■ **Work order**:
Below is a block of entries; repeat exactly the lines starting at the line that contains "point P4 (0, 30)" and ending at the line that contains "line L3 (-52.5, 31.5)", both included.

Stored entries:
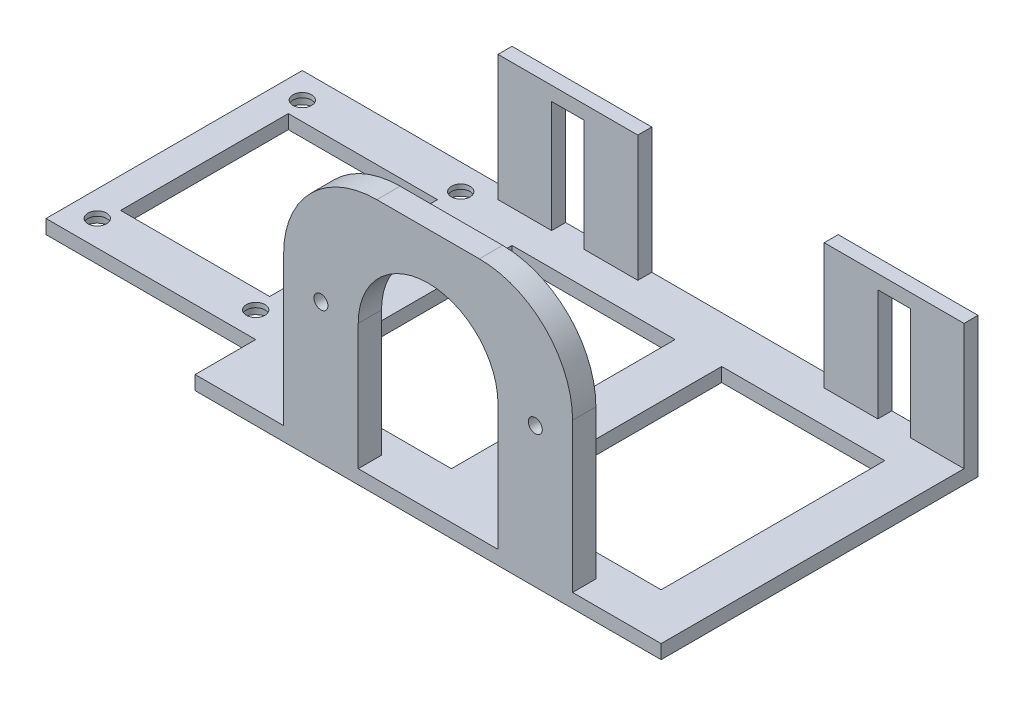
SolidWorks part; units mm, degrees
ref_plane "정면" through (0, 0, 0) normal (0, 0, 1) x (1, 0, 0)
ref_plane "윗면" through (0, 0, 0) normal (0, 1, 0) x (1, 0, 0)
ref_plane "우측면" through (0, 0, 0) normal (1, 0, 0) x (0, 0, -1)
sketch "스케치1" plane through (0, 0, 0) normal (0, 1, 0) x (1, 0, 0)
  line L1 (-50, 34) -> (50, 34)
  line L2 (-50, 34) -> (-50, -34)
  line L3 (-50, -34) -> (50, -34)
  line L4 (50, 34) -> (50, -34)
  line L5 (-50, 34) -> (50, -34) construction
  line L6 (-50, -34) -> (50, 34) construction
  point P0 (0, 0)
  dimension "D1" = 100
  dimension "D2" = 68
extrude "보스-돌출1" add sketch "스케치1" along normal blind 3
sketch "스케치2" plane through (0, 3, 0) normal (0, 1, 0) x (1, 0, 0)
  line L0 (-50, 34) -> (-50, -34) construction
  line L1 (50, 34) -> (-50, 34)
  line L2 (50, 34) -> (50, 31)
  line L3 (50, 31) -> (-50, 31)
  line L4 (-50, 34) -> (-50, 31)
  dimension "D1" = 3
extrude "보스-돌출2" add sketch "스케치2" along normal blind 27
sketch "스케치3" plane through (0, 0, -31) normal (0, 0, 1) x (1, 0, 0)
  line L0 (-50, 3) -> (50, 3) construction
  line L1 (-38.5, 27) -> (-31.5, 27)
  line L2 (-38.5, 27) -> (-38.5, 3)
  line L3 (-38.5, 3) -> (-31.5, 3)
  line L4 (-31.5, 27) -> (-31.5, 3)
  line L5 (-50, 30) -> (-50, 3) construction
  line L6 (-50, 3) -> (50, 3) construction
  line L7 (31.5, 27) -> (38.5, 27)
  line L8 (31.5, 27) -> (31.5, 3)
  line L9 (31.5, 3) -> (38.5, 3)
  line L10 (38.5, 27) -> (38.5, 3)
  line L11 (50, 30) -> (50, 3) construction
  dimension "D1" = 24
  dimension "D2" = 11.5
  dimension "D3" = 7
  dimension "D4" = 7
  dimension "D5" = 24
  dimension "D6" = 11.5
extrude "컷-돌출2" cut sketch "스케치3" against normal blind 27
sketch "스케치4" plane through (0, 3, 0) normal (0, 1, 0) x (1, 0, 0)
  line L0 (-50, -34) -> (50, -34) construction
  line L1 (-31, -29) -> (31, -29)
  line L2 (-31, -29) -> (-31, -34)
  line L3 (-31, -34) -> (31, -34)
  line L4 (31, -29) -> (31, -34)
  line L5 (50, -34) -> (50, 31) construction
  dimension "D1" = 5
  dimension "D2" = 62
  dimension "D3" = 19
extrude "보스-돌출3" add sketch "스케치4" along normal blind 52 contours L1 L4 L3 L2
sketch "스케치5" plane through (0, 0, 34) normal (0, 0, 1) x (1, 0, 0)
  line L0 (0, 55) -> (0, 0) construction
  line L1 (-50, 0) -> (50, 0) construction
  line L2 (-31, 55) -> (31, 55) construction
  line L3 (-15, 30) -> (-15, 3)
  line L4 (-15, 3) -> (15, 3)
  line L5 (15, 3) -> (15, 30)
  arc A0 (15, 30) -> (-15, 30) centre (0, 30) ccw
  circle A1 centre (-23, 30) radius 1.5
  circle A2 centre (23, 30) radius 1.5
  point P4 (0, 30)
  dimension "D2" = 15
  dimension "D4" = 3
  dimension "D7" = 23
  dimension "D8" = 3
  dimension "D1" = 30
  dimension "D3" = 3
  dimension "D5" = 23
  dimension "D6" = 30
extrude "컷-돌출4" cut sketch "스케치5" against normal blind 5
sketch "스케치7" plane through (0, 0, 0) normal (0, -1, 0) x (1, 0, 0)
  line L0 (50, 34) -> (50, -34) construction
  line L1 (40, 24) -> (5, 24)
  line L2 (40, 24) -> (40, -24)
  line L3 (40, -24) -> (5, -24)
  line L4 (5, 24) -> (5, -24)
  line L5 (50, -34) -> (-50, -34) construction
  line L6 (-50, 34) -> (50, 34) construction
  line L7 (-50, -34) -> (-50, 34) construction
  line L8 (-5, 24) -> (-40, 24)
  line L9 (-5, 24) -> (-5, -24)
  line L10 (-5, -24) -> (-40, -24)
  line L11 (-40, 24) -> (-40, -24)
  dimension "D1" = 10
  dimension "D2" = 10
  dimension "D3" = 10
  dimension "D4" = 10
  dimension "D5" = 10
  dimension "D6" = 10
  dimension "D7" = 5
  dimension "D8" = 5
extrude "컷-돌출5" cut sketch "스케치7" against normal blind 3
sketch "스케치11" plane through (-50, 0, 0) normal (-1, 0, 0) x (0, 0, 1)
  line L0 (-31, 3) -> (34, 3) construction
  line L1 (-34, 0) -> (21, 0)
  line L2 (-34, 0) -> (-34, 3)
  line L3 (-34, 3) -> (21, 3)
  line L4 (21, 0) -> (21, 3)
  dimension "D1" = 55
extrude "보스-돌출5" add sketch "스케치11" along normal blind 45
sketch "스케치13" plane through (0, 3, 0) normal (0, 1, 0) x (1, 0, 0)
  line L0 (-95, -21) -> (-50, -21) construction
  line L1 (-52.5, -18.5) -> (-92.5, -18.5) construction
  line L2 (-52.5, -18.5) -> (-52.5, 31.5) construction
  line L3 (-52.5, 31.5) -> (-92.5, 31.5) construction
  line L4 (-92.5, -18.5) -> (-92.5, 31.5) construction
  line L5 (-95, -21) -> (-95, 34) construction
  line L6 (-95, 34) -> (-50, 34) construction
  line L7 (-72.5, -18.5) -> (-72.5, 31.5) construction
  line L8 (-52.5, 6.5) -> (-92.5, 6.5) construction
  line L10 (-56.5, -11.5) -> (-88.5, -11.5)
  line L11 (-56.5, -11.5) -> (-56.5, 24.5)
  line L12 (-56.5, 24.5) -> (-88.5, 24.5)
  line L13 (-88.5, -11.5) -> (-88.5, 24.5)
  circle A0 centre (-55.5, -15.5) radius 2
  circle A1 centre (-89.5, -15.5) radius 2
  circle A2 centre (-89.5, 28.5) radius 2
  circle A3 centre (-55.5, 28.5) radius 2
  dimension "D5" = 4
  dimension "D6" = 3
  dimension "D7" = 3
  dimension "D8" = 4
  dimension "D9" = 4
  dimension "D1" = 2.5
  dimension "D2" = 2.5
  dimension "D3" = 2.5
  dimension "D4" = 40
  dimension "D10" = 7
  dimension "D11" = 7
extrude "컷-돌출8" cut sketch "스케치13" against normal blind 3
sketch "스케치14" plane through (0, 0, 0) normal (0, -1, 0) x (1, 0, 0)
  line L1 (-89.5, 15.5) -> (-55.5, 15.5) construction
  line L2 (-89.5, 15.5) -> (-89.5, -28.5) construction
  line L3 (-89.5, -28.5) -> (-55.5, -28.5) construction
  line L4 (-55.5, 15.5) -> (-55.5, -28.5) construction
  circle A0 centre (-89.5, 15.5) radius 3
  circle A1 centre (-89.5, -28.5) radius 3
  circle A2 centre (-55.5, -28.5) radius 3
  circle A3 centre (-55.5, 15.5) radius 3
  dimension "D1" = 6
  dimension "D2" = 6
  dimension "D3" = 6
  dimension "D4" = 6
extrude "컷-돌출9" cut sketch "스케치14" against normal blind 2
sketch "스케치15" plane through (0, 0, -34) normal (0, 0, -1) x (-1, 0, 0)
  line L0 (-50, 30) -> (50, 30) construction
  line L1 (-20, 30) -> (20, 30)
  line L2 (-20, 30) -> (-20, 3)
  line L3 (-20, 3) -> (20, 3)
  line L4 (20, 30) -> (20, 3)
  line L5 (-31.5, 27) -> (-31.5, 3) construction
  line L6 (31.5, 3) -> (31.5, 27) construction
  line L7 (-50, 0) -> (95, 0) construction
  dimension "D1" = 11.5
  dimension "D2" = 11.5
  dimension "D3" = 3
extrude "컷-돌출10" cut sketch "스케치15" against normal blind 3
fillet "필렛1" radius 20 2 edges at (31, 55, 31.5) (-31, 55, 31.5)

■ **Expected output**:
  point P4 (0, 30)
  dimension "D2" = 15
  dimension "D4" = 3
  dimension "D7" = 23
  dimension "D8" = 3
  dimension "D1" = 30
  dimension "D3" = 3
  dimension "D5" = 23
  dimension "D6" = 30
extrude "컷-돌출4" cut sketch "스케치5" against normal blind 5
sketch "스케치7" plane through (0, 0, 0) normal (0, -1, 0) x (1, 0, 0)
  line L0 (50, 34) -> (50, -34) construction
  line L1 (40, 24) -> (5, 24)
  line L2 (40, 24) -> (40, -24)
  line L3 (40, -24) -> (5, -24)
  line L4 (5, 24) -> (5, -24)
  line L5 (50, -34) -> (-50, -34) construction
  line L6 (-50, 34) -> (50, 34) construction
  line L7 (-50, -34) -> (-50, 34) construction
  line L8 (-5, 24) -> (-40, 24)
  line L9 (-5, 24) -> (-5, -24)
  line L10 (-5, -24) -> (-40, -24)
  line L11 (-40, 24) -> (-40, -24)
  dimension "D1" = 10
  dimension "D2" = 10
  dimension "D3" = 10
  dimension "D4" = 10
  dimension "D5" = 10
  dimension "D6" = 10
  dimension "D7" = 5
  dimension "D8" = 5
extrude "컷-돌출5" cut sketch "스케치7" against normal blind 3
sketch "스케치11" plane through (-50, 0, 0) normal (-1, 0, 0) x (0, 0, 1)
  line L0 (-31, 3) -> (34, 3) construction
  line L1 (-34, 0) -> (21, 0)
  line L2 (-34, 0) -> (-34, 3)
  line L3 (-34, 3) -> (21, 3)
  line L4 (21, 0) -> (21, 3)
  dimension "D1" = 55
extrude "보스-돌출5" add sketch "스케치11" along normal blind 45
sketch "스케치13" plane through (0, 3, 0) normal (0, 1, 0) x (1, 0, 0)
  line L0 (-95, -21) -> (-50, -21) construction
  line L1 (-52.5, -18.5) -> (-92.5, -18.5) construction
  line L2 (-52.5, -18.5) -> (-52.5, 31.5) construction
  line L3 (-52.5, 31.5) -> (-92.5, 31.5) construction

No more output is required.